#### WORK TO COMPLETE
Your output should be one number, which is how many lines in the material contain "height".

---

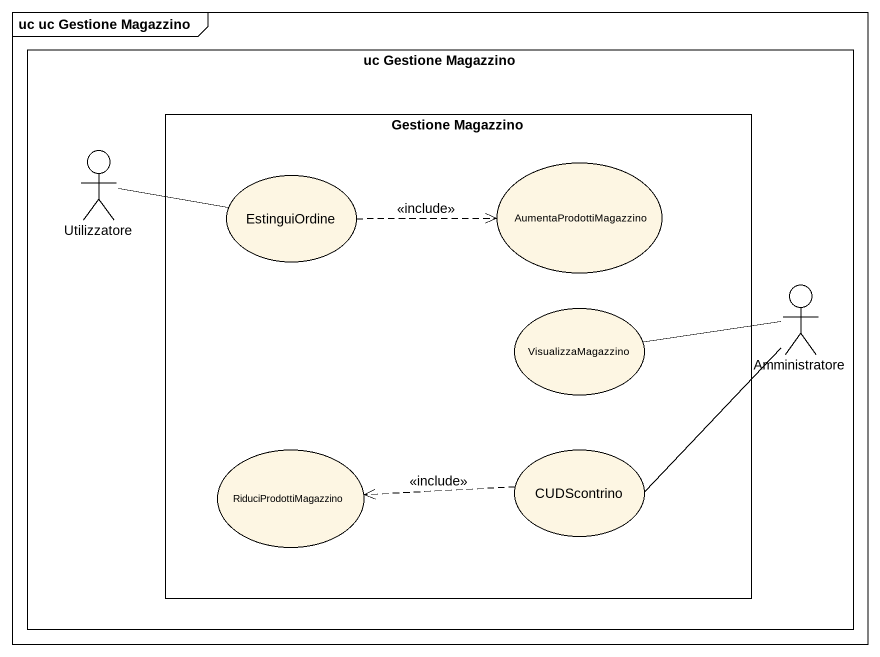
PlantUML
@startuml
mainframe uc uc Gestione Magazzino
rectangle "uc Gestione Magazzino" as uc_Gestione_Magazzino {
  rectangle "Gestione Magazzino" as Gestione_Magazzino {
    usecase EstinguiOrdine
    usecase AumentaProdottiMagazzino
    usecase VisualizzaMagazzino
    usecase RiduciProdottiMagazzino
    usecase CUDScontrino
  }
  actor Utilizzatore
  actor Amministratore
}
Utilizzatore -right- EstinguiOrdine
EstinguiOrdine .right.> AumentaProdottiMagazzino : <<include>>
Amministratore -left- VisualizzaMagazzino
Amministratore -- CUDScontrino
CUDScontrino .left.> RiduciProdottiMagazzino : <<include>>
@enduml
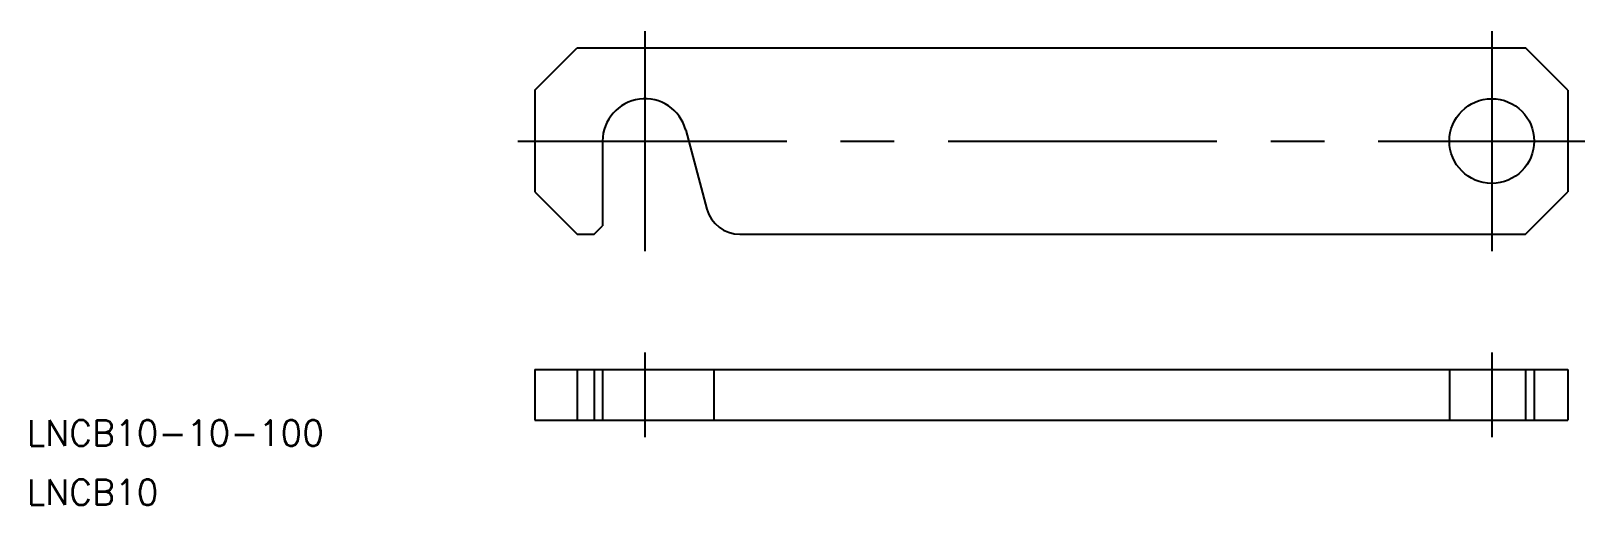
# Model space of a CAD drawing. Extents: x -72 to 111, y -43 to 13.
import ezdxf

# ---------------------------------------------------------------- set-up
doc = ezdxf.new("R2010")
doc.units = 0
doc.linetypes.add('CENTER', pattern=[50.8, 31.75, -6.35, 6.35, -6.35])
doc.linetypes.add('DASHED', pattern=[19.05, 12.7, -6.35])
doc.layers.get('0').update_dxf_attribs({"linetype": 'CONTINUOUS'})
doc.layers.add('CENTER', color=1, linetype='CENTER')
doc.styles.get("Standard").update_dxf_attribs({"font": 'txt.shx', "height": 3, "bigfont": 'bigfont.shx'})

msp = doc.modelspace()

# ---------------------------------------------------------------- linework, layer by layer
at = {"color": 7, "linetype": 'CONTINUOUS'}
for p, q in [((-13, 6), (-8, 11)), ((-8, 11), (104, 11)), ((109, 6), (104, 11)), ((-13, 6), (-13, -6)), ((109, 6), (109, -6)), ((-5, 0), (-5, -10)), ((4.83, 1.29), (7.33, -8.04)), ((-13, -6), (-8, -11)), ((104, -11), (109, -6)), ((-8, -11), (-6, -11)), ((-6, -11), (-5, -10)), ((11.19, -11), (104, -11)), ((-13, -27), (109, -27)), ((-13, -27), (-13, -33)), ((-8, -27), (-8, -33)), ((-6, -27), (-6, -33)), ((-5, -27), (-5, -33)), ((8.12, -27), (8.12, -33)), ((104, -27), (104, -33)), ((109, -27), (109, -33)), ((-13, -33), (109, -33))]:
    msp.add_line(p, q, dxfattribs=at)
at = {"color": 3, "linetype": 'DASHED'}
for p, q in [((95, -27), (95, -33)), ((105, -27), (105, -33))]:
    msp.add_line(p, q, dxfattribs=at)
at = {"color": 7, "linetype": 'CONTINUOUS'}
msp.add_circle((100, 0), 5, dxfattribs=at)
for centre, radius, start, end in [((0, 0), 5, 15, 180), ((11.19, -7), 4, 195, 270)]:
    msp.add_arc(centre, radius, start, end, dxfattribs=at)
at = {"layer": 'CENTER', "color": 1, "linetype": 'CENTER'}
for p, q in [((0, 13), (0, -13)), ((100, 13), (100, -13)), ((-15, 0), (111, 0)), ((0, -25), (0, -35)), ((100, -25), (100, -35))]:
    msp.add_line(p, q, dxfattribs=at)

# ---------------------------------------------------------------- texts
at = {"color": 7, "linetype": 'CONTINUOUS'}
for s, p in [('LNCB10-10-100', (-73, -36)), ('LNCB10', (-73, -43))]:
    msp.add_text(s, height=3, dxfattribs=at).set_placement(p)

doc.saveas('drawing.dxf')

---

#### SOLUTION TO THE PROBLEM
2